Waspada PPN 12% mulai 2025 Picu PHK Massal

Kenaikan PPN 12% akan berdampak signifikan pada daya beli masyarakat yang sudah tertekan, yang kemudian berujung pada PHK massal

oleh Ilyas Istianur Praditya diperbarui 19 Nov 2024, 16:45 WIB
Diterbitkan 19 Nov 2024, 16:45 WIB
Aksi Ratusan Buruh Tolak UU Cipta Kerja
Presiden KSPI Said Iqbal saat berorasi di depan para buruh di kawasan Patung Kuda, Jakarta, Senin (2/11/2020). Massa buruh dari berbagai serikat pekerja tersebut menggelar demo terkait penolakan pengesahan omnibus law Undang-Undang Cipta Kerja dan upah minimum 2021. (merdeka.com/Iqbal S Nugroho)

Liputan6.com, Jakarta Presiden Konfederasi Serikat Pekerja Indonesia (KSPI), Said Iqbal, secara tegas menolak rencana pemerintah untuk menaikkan Pajak Pertambahan Nilai PPN 12% pada 2025.

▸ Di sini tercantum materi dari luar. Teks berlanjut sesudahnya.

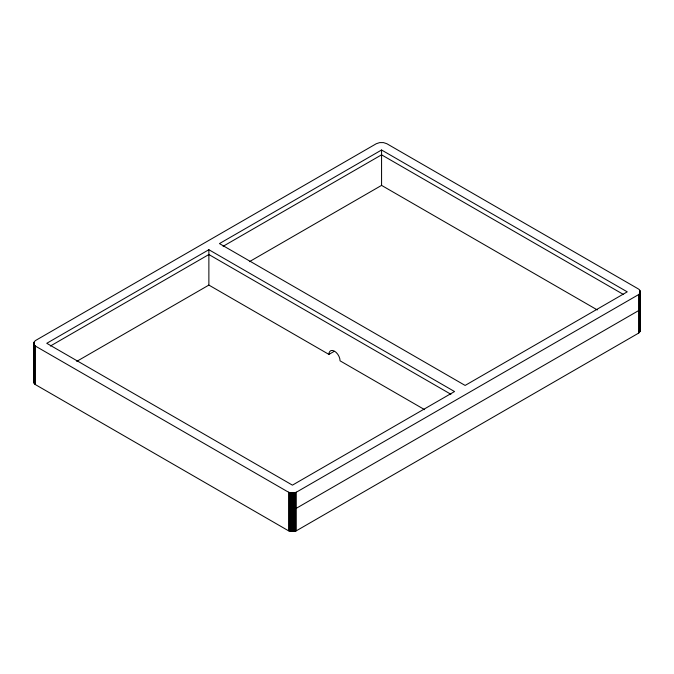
<?xml version="1.0" encoding="UTF-8"?>
<svg xmlns="http://www.w3.org/2000/svg" width="674" height="674" viewBox="0 0 674 674"><rect width="100%" height="100%" fill="white"/><g stroke="black" fill="none" stroke-linecap="round" stroke-linejoin="round"><path stroke-width="1.01" d="M33.767 342.737L34.273 344.953L35.891 346.36L287.141 491.413C290.224 493.478 294.648 493.478 297.723 491.413L638.11 294.892C640.898 293.813 640.898 289.871 638.11 288.784L386.859 143.731L383.506 142.61L379.631 142.61L376.277 143.731L35.25 340.673L33.767 342.737L33.767 382.461L35.25 384.525L288.598 530.834L294.445 531.356L296.265 530.834L638.75 333.049L640.3 330.412L640.3 291.842M33.953 380.776L33.767 382.461M208.873 249.709L46.759 343.302L292.432 485.145L454.546 391.543L208.873 249.709L208.873 285.085L328.92 354.398L333.933 351.508M381.568 149.999L219.454 243.592L465.127 385.435L627.241 291.842L381.568 149.999L381.568 185.384L597.316 309.939M50.398 346.023L208.873 254.528L450.906 394.273M223.094 246.313L381.568 154.826L623.602 294.563M76.726 361.382L208.873 285.085M249.422 261.672L381.568 185.384M296.265 508.314L638.75 310.529M424.645 409.666L340.067 360.834A7.877 4.55 60 0 0 334.489 351.179A7.877 4.55 60 0 0 328.92 354.398M640.047 329.3L640.3 330.412M640.233 291.278L640.233 330.976M640.047 290.721L640.047 331.532M639.727 293.493L639.727 332.071M639.297 293.999L639.297 332.577M638.75 294.471L638.75 333.049M296.265 492.231L296.265 530.834M295.389 492.534L295.389 531.137M294.445 492.761L294.445 531.356M293.451 492.896L293.451 531.491M292.432 492.938L292.432 531.542M291.412 492.896L291.412 531.491M290.418 492.761L290.418 531.356M289.475 492.534L289.475 531.137M288.598 492.231L288.598 530.834M35.25 345.931L35.25 384.525M34.703 345.459L34.703 384.062M34.273 344.953L34.273 383.548M33.953 342.181L33.953 383.017"/></g></svg>

Kebijakan ini dinilai dapat memperburuk kondisi ekonomi masyarakat kecil dan buruh, khususnya di tengah minimnya kenaikan upah.

Dampak Kenaikan PPN pada Daya Beli dan Kesenjangan Sosial

Menurut Said Iqbal, kenaikan PPN akan berdampak signifikan pada daya beli masyarakat yang sudah tertekan.

“Kebijakan ini diprediksi akan menurunkan daya beli secara signifikan, memperlebar kesenjangan sosial, dan menjauhkan target pertumbuhan ekonomi yang diharapkan mencapai 8 persen,” ujar Said Iqbal di Jakarta, Selasa (19/11/2024).

Ia juga menyoroti potensi kenaikan harga barang dan jasa akibat PPN yang lebih tinggi. Hal ini, katanya, akan memicu gelombang Pemutusan Hubungan Kerja (PHK) massal di berbagai sektor. Di sisi lain, kenaikan upah minimum yang diproyeksikan hanya 1-3 persen dianggap tidak mampu memenuhi kebutuhan dasar masyarakat.

“Lesunya daya beli akan memperburuk pasar, mengancam keberlangsungan bisnis, dan meningkatkan potensi PHK di berbagai sektor,” tambahnya.

Empat Tuntutan KSPI kepada Pemerintah

KSPI menyampaikan empat tuntutan utama kepada pemerintah untuk menjaga kesejahteraan buruh dan masyarakat kecil:

  1. Kenaikan upah minimum 2025 sebesar 8-10 persen, agar daya beli masyarakat tetap terjaga.
  2. Penetapan upah minimum sektoral sesuai kebutuhan masing-masing sektor.
  3. Pembatalan rencana kenaikan PPN menjadi 12%.
  4. Peningkatan rasio pajak tanpa membebani rakyat kecil, melalui perluasan wajib pajak dan penagihan pajak yang lebih efektif terhadap korporasi besar dan individu kaya.

 

Ancaman Mogok Nasional

FOTO: Aksi Buruh Peringati May Day di Kawasan Patung Kuda
Massa buruh yang tergabung dalam Konfederasi Serikat Pekerja Seluruh Indonesia (KSPSI) dan Serikat Pekerja Nasional (SPN) demo di kawasan Patung Kuda, Jakarta, Kamis (12/5/2022). Aksi tersebut untuk memperingati May Day serta menolak Omnibuslaw UU Cipta Kerja Nomor 11 Tahun 2020 dan meminta klaster ketenagakerjaan kembali ke substansi UU Nomor 13 Tahun 2003. (Liputan6.com/Faizal Fanani)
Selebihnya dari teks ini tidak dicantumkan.